Infant Levels. Relevant published information was not found as of the revision date.

Effects in Breastfed Infants

Relevant published information was not found as of the revision date.

Effects on Lactation and Breastmilk

Relevant published information was not found as of the revision date.

Alternate Drugs to Consider

(Multiple Sclerosis) Glatiramer, Immune Globulin, Interferon Beta

References

1.
Bove R, Alwan S, Friedman JM, et al. Management of multiple sclerosis during pregnancy and the reproductive years: A systematic review. Obstet Gynecol. 2014;124:1157–68. [PubMed: 25415167]
2.
Thöne J, Thiel S, Gold R, et al.
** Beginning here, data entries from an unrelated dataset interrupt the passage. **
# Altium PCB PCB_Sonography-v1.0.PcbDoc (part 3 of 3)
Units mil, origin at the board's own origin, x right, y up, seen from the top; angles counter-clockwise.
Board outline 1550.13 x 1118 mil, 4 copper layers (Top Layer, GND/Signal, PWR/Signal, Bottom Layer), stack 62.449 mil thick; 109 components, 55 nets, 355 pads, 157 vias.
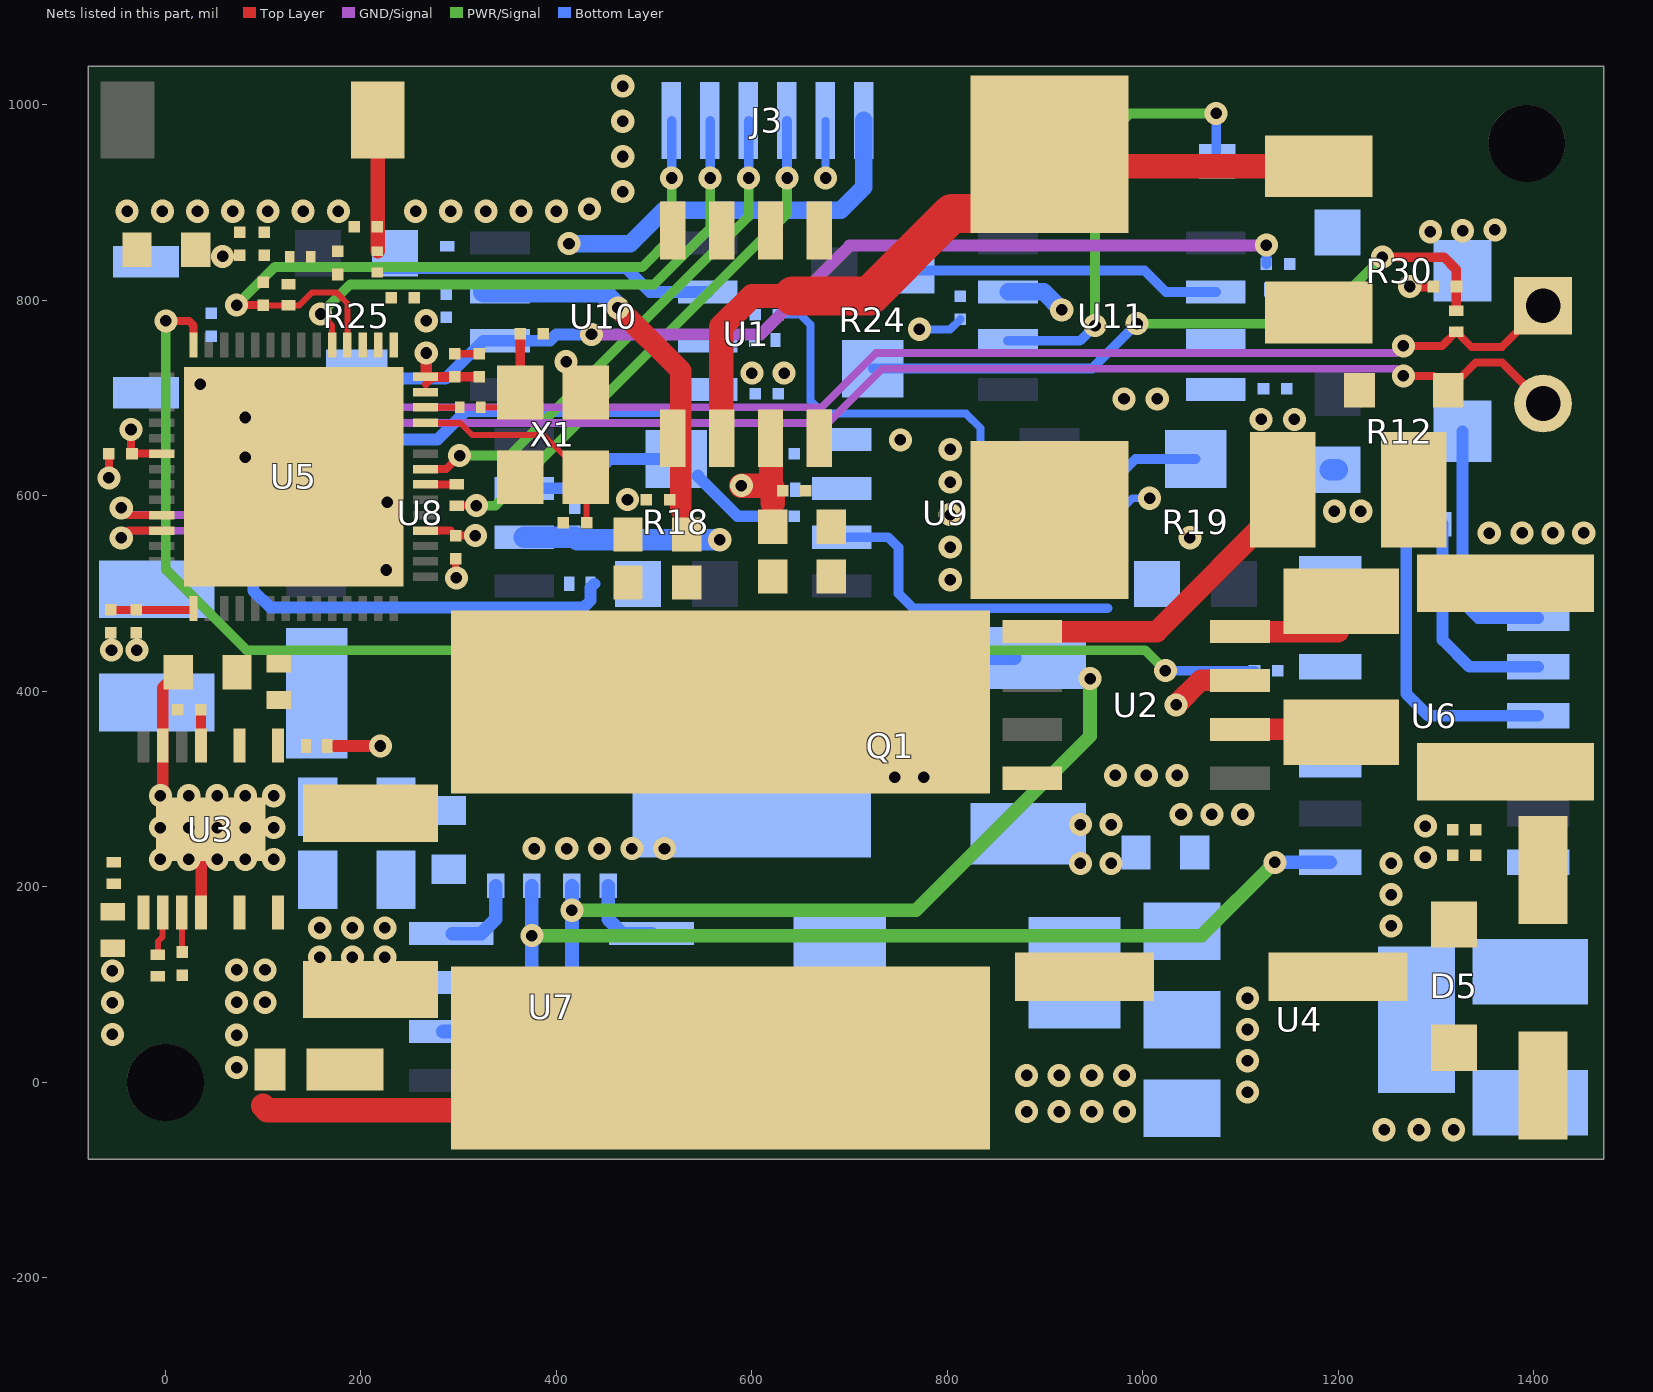
[diagram p4: the nets of this part, all layers, seen from the top]

## Part data (continued)
SW2: "SWITCH TACTILE SPST-NO 0.05A 12V", Contact Current Rating=50mA, Contact Resistance=100mR, Insulation Resistance=100MR, LCSC Part Number=C231329, Manufacturer=Omron, Max Operating Temperature=70°C, Max Voltage Rating (DC)=12V, Min Operating Temperature=-25°C, Operating Force=1.5N, Package Quantity=1, Ratings="Dust Proof,IP40", Supplier Part Number 1=SW1020DKR-ND, Actuator Length=0.4mm, Actuator Type=Standard, ComponentLink1Description=http://www.farnell.com/datasheets/60838.pdf?src-supplier=Farnell, ComponentLink1URL=http://www.farnell.com/datasheets/60838.pdf?src-supplier=Farnell, ComponentLink2Description=http://www.farnell.com/datasheets/60838.pdf?src-supplier=Element14, ComponentLink2URL=http://www.farnell.com/datasheets/60838.pdf?src-supplier=Element14, ComponentLink3Description=https://omronfs.omron.com/en_US/ecb/products/pdf/en-b3u.pdf?src-supplier=Digi-Key, ComponentLink3URL=https://omronfs.omron.com/en_US/ecb/products/pdf/en-b3u.pdf?src-supplier=Digi-Key, ComponentLink4Description=http://www.omron.com/ecb/products/pdf/en-b3u.pdf?src-supplier=Digi-Key, ComponentLink4URL=http://www.omron.com/ecb/products/pdf/en-b3u.pdf?src-supplier=Digi-Key, ComponentLink5Description=https://www.distrelec.biz/Web/Downloads/he/et/B3U_eng_datasheet.pdf?mime=application%2Fpdf&src-supplier=Distrelec, ComponentLink5URL=https://www.distrelec.biz/Web/Downloads/he/et/B3U_eng_datasheet.pdf?mime=application%2Fpdf&src-supplier=Distrelec, ComponentLink6Description=http://www.onlinecomponents.com/productFiles/mf-OM/en-b3u.pdf?src-supplier=Onlinecomponents.com, ComponentLink6URL=http://www.onlinecomponents.com/productFiles/mf-OM/en-b3u.pdf?src-supplier=Onlinecomponents.com, ComponentLink7Description=https://www.verical.com/server-webapp/html/getDatasheet?partID=552554&src-supplier=Verical, ComponentLink7URL=https://www.verical.com/server-webapp/html/getDatasheet?partID=552554&src-supplier=Verical, ComponentLink8Description=http://www.farnell.com/datasheets/1685550.pdf?src-supplier=Element14, ComponentLink8URL=http://www.farnell.com/datasheets/1685550.pdf?src-supplier=Element14, ComponentLink9Description=http://www.farnell.com/datasheets/2610940.pdf?src-supplier=Farnell, ComponentLink9URL=http://www.farnell.com/datasheets/2610940.pdf?src-supplier=Farnell, ComponentLink10Description=https://www.alliedelec.com/m/d/4c8a9ef82804fc3c241a13c1e298fd73.pdf?src-supplier=Allied+Electronics, ComponentLink10URL=https://www.alliedelec.com/m/d/4c8a9ef82804fc3c241a13c1e298fd73.pdf?src-supplier=Allied+Electronics, Contact Material=Silver, Current Rating=50mA, Depth=2.5mm, Electrical Life=200000Cycles, Height=1.2mm, Illumination Type=Non-Illuminated,Illuminated, Item Type=Switch, Lead Free="Lead Free", Length=4mm, Manufacturer Part Number=B3U-1000P, Max Current Rating=50mA, Mechanical Life=200000Cycles, Mount="Surface Mount", Orientation=Straight, Packaging="Tape and Reel", Pricing 1="1=1, 10=0.961, 25=0.9064, 50=0.7976, 100=0.7251, 250=0.68888, 500=0.67074, 1000=0.52571 (USD)", REACH SVHC=Unknown, Stock 1=116454, Supplier 1=Digi-Key, Switch Function=Off-Mom, Switch Travel=0.15mm, Termination=SMD/SMT, Throw Configuration=SPST, Voltage Rating (DC)=12V, Weight=0.000776oz, Width=3mm
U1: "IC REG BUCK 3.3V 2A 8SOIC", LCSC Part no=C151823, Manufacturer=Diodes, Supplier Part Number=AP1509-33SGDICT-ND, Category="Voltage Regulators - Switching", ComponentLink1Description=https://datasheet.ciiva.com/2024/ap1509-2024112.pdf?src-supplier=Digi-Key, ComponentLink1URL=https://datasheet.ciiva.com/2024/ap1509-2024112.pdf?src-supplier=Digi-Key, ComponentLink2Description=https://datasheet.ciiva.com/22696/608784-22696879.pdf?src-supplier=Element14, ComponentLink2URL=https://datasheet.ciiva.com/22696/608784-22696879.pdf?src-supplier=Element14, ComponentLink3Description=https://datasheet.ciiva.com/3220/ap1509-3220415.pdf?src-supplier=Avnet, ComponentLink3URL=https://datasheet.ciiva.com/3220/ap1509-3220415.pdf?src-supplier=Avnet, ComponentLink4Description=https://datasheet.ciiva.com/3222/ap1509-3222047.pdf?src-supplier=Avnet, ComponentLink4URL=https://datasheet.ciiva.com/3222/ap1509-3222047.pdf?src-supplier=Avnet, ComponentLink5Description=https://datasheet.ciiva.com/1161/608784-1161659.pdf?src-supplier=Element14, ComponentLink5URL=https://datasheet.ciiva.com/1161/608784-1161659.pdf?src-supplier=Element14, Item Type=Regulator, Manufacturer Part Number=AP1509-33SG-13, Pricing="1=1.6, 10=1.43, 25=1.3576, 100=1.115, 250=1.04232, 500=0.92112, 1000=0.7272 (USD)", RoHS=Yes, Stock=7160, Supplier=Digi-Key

Treatment of multiple sclerosis during pregnancy - safety considerations. Expert Opin Drug Saf. 2017;16:523–34. [PubMed: 28333552]
3.
Almas S, Vance J, Baker T, et al. Management of multiple sclerosis in the breastfeeding mother. Mult Scler Int. 2016;2016:6527458. [PMC free article: PMC4757692] [PubMed: 26966579]
4.
Ciplea AI, Datta P, Rewers-Felkins K, et al. Dimethyl fumarate transfer into human milk. Ther Adv Neurol Disord. 2020;13 [PMC free article: PMC7607748] [PubMed: 33193814] [CrossRef]

Substance Identification

Substance Name

Dimethyl fumarate

CAS Registry Number

624-49-7

Drug Class

Breast Feeding

Lactation

Dermatologic Agents

Immunosuppressive Agents

Radiation-Sensitizing Agents

Disclaimer: Information presented in this database is not meant as a substitute for professional judgment. You should consult your healthcare provider for breastfeeding advice related to your particular situation. The U.S. government does not warrant or assume any liability or responsibility for the accuracy or completeness of the information on this Site.